虞薇蕊答得认真,“这就要看陆英才下手快不快了,若是陆文渊在他之前对陆枭下手,那陆枭腹面受敌,确实危险;若是陆英才在陆文渊下手之前便杀了他,那便是陆文渊死。”
“这样看来,你回来得很及时,左右你的那个陆枭都不会死,最多重伤罢了,至于陆文渊,你是什么想得?”林非的眼神似乎看透了一切。
虞薇蕊低下头饮茶,看不清她的神色,“他不会死,但要死过一回。”
林非明白了其中含义,说道:“这便是,你今日来见我的原因?”
虞薇蕊抬头笑着说道:“所以姐姐愿不愿意借人给我呢?”
虞薇蕊很清楚林非没有完全说实话,她的背后绝不可能只有白庭轩,但她不说,她也不会问,总归是不会害她的。
“自是愿意,只是我想看看妹妹你打算怎么救?”
着天夜里,夜风呼啸,远处传来马蹄声,陆文渊突然惊醒,回头看床边又想起虞薇蕊早已离开,他摇了摇头,脑袋很痛,有些分不清梦境和现实。
但原本是在梦中的金戈铁马声似乎到了现实之中,“宁毅!”
宁毅闪身出现:“主子,怎么了?”
“我怎么总觉得有打斗声?”
宁毅却道:“没有啊。”他话音未落就被掐住了脖颈。
陆文渊如同困兽在他耳边咆哮:“你是谁?宁毅去哪里了?”
对方原本惊慌的表情变得恨意十足,“我是来索你命的阴间厉鬼!”说罢狠狠一计黑虎掏心,陆文渊下意识松手,堪堪躲掉,头还是很疼,此人内功深厚,他直接对敌,毫无胜算,他要去找人!他闪身进入一旁密室,这密室只有他知道,而且位置隐蔽,那人就觉得陆文渊原本在前跑着,却又换了方向,谁知一转弯便见不着他了。
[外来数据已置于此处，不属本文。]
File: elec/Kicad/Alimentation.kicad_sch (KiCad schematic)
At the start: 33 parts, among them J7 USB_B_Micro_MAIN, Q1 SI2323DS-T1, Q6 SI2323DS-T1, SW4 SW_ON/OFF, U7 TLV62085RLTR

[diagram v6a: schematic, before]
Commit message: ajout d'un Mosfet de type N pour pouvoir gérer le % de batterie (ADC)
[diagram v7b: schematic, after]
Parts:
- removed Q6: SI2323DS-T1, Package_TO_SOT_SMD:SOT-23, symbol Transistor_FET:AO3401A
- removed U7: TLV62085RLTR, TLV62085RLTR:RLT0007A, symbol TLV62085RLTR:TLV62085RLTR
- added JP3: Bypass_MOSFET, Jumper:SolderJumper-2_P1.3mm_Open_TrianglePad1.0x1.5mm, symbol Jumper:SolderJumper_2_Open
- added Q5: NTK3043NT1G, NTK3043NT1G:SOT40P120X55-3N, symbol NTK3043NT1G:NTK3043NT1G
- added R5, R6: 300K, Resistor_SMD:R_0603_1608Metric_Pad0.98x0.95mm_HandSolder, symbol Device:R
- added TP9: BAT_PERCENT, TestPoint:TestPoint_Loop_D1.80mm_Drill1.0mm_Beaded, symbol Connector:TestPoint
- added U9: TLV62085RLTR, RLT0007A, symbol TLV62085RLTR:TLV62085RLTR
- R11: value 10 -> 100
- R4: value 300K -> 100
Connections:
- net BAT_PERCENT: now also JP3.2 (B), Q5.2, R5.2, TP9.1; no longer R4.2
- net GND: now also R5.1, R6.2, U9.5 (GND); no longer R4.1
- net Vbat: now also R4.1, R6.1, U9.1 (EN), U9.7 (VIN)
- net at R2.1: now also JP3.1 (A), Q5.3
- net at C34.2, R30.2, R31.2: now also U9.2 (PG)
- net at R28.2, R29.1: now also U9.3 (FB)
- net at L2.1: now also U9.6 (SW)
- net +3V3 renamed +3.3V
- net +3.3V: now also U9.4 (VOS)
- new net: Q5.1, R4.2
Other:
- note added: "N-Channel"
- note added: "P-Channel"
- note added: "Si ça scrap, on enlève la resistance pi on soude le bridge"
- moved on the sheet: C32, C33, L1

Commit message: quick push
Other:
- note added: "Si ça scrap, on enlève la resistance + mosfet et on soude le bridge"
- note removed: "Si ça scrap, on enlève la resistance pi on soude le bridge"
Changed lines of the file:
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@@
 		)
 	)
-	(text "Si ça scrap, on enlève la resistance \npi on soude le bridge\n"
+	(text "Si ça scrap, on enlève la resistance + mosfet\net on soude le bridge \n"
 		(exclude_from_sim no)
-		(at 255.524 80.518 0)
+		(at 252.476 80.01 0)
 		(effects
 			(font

他吹了一声口哨,四周追捕的人出现在他身边:“人不见了,都细细找找,你们那边怎么样?”
“人都解决得差不多了,只是我们看见了李氏。”
“她怎么在这里?”
“属下不知,但不知能不能杀,便只是迷晕了锁在东边杂物房中了。”
那首领沉吟了一下,心道,自家主子最是厌恶李氏,杀了应该也算是大功一件,但万一主子还希望她有其他作用,他们多做了也不好,于是回头跟那人说:“活捉回去罢!不过是个妇人,不足为惧,你们先随我去寻陆文渊。”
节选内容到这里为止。